### Task directions
May I have the line containing "blk.add_line(p, q, dxfattribs=at)" and every line after it through the end of the data, repeated exactly and with no other lines?

BEGIN Information shown

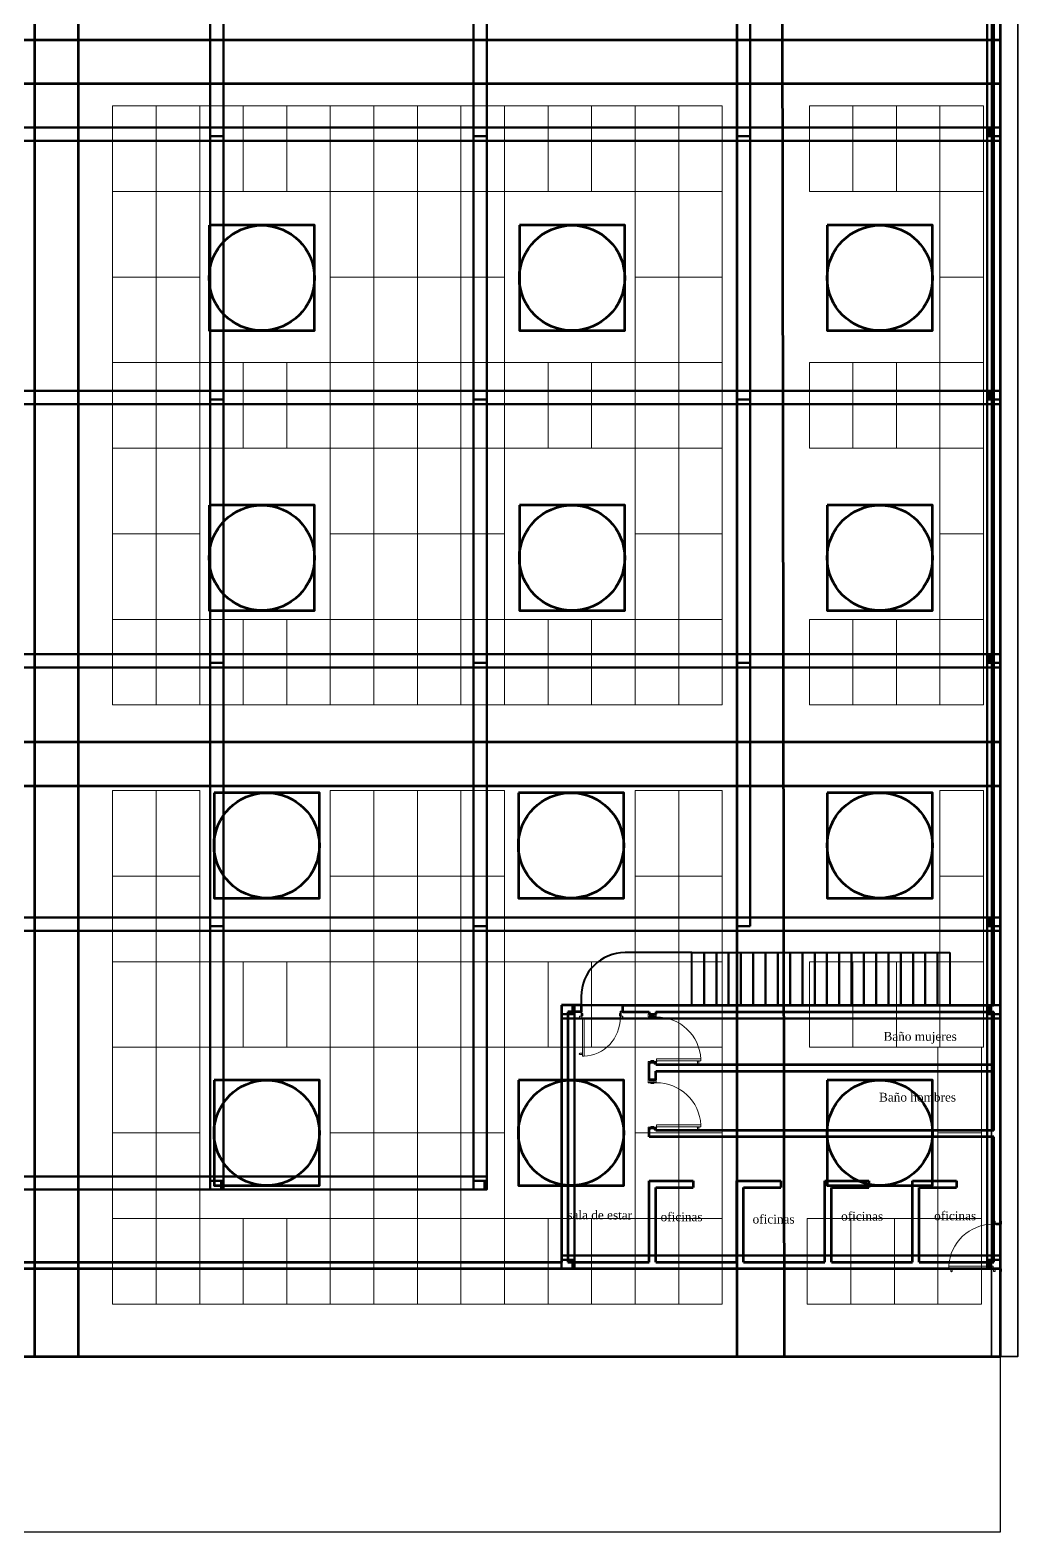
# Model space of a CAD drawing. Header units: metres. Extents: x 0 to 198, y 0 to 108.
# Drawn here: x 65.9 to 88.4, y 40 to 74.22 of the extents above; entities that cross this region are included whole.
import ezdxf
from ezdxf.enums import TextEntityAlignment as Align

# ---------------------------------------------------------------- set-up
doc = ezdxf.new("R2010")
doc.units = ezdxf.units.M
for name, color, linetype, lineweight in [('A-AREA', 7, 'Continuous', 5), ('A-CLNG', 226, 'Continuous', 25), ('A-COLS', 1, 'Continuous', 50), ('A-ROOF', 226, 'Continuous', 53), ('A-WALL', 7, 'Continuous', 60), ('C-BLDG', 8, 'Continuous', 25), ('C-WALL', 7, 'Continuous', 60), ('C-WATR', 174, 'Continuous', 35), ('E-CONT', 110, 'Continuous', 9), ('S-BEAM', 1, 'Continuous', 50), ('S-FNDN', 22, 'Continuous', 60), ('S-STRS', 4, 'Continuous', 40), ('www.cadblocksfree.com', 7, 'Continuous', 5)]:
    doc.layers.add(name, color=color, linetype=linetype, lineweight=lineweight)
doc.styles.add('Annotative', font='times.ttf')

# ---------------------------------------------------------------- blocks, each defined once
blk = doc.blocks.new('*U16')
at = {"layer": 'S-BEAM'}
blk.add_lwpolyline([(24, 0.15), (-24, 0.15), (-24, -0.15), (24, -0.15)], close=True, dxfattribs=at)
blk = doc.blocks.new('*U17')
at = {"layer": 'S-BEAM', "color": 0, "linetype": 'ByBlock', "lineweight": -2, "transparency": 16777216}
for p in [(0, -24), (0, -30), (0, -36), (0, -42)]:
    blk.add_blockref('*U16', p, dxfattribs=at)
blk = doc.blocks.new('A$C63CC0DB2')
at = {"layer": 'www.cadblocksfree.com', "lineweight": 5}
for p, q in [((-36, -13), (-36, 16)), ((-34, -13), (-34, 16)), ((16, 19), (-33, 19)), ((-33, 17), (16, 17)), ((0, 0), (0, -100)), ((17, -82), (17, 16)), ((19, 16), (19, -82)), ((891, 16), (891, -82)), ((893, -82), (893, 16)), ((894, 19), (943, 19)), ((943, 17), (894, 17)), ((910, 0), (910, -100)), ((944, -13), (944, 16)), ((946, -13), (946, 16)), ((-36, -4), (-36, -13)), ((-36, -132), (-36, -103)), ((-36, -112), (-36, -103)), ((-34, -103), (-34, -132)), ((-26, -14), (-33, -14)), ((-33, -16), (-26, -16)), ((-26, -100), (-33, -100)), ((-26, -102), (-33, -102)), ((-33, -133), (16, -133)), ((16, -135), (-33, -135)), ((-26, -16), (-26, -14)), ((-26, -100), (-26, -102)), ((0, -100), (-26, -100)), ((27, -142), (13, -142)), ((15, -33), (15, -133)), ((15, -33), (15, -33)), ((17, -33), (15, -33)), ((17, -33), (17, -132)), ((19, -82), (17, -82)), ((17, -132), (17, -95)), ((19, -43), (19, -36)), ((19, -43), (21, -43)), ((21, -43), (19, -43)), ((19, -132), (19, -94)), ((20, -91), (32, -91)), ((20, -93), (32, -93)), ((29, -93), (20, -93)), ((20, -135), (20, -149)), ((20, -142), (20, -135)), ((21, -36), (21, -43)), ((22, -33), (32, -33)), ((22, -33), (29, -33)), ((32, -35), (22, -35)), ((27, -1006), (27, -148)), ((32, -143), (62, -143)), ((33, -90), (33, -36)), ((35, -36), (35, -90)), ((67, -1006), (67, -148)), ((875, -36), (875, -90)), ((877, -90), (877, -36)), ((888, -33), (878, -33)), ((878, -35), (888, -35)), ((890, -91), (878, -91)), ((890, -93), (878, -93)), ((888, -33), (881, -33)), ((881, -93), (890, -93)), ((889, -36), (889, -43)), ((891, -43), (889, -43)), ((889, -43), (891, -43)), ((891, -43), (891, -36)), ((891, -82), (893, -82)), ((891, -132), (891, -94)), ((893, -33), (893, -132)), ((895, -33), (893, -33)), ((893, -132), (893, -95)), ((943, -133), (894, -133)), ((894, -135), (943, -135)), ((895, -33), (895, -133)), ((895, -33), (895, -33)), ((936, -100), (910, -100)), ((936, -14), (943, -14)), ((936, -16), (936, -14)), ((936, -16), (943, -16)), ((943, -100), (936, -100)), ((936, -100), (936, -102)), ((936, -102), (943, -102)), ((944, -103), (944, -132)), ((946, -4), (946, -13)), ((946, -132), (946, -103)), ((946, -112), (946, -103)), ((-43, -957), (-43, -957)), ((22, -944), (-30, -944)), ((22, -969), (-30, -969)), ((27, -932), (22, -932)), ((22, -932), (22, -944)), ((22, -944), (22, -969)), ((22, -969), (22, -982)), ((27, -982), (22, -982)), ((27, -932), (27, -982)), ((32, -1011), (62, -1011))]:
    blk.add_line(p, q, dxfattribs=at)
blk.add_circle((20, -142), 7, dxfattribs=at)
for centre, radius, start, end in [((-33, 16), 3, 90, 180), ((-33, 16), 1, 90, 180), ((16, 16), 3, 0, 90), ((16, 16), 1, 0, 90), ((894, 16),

END Information shown

### Task output
    blk.add_line(p, q, dxfattribs=at)
blk.add_circle((20, -142), 7, dxfattribs=at)
for centre, radius, start, end in [((-33, 16), 3, 90, 180), ((-33, 16), 1, 90, 180), ((16, 16), 3, 0, 90), ((16, 16), 1, 0, 90), ((894, 16),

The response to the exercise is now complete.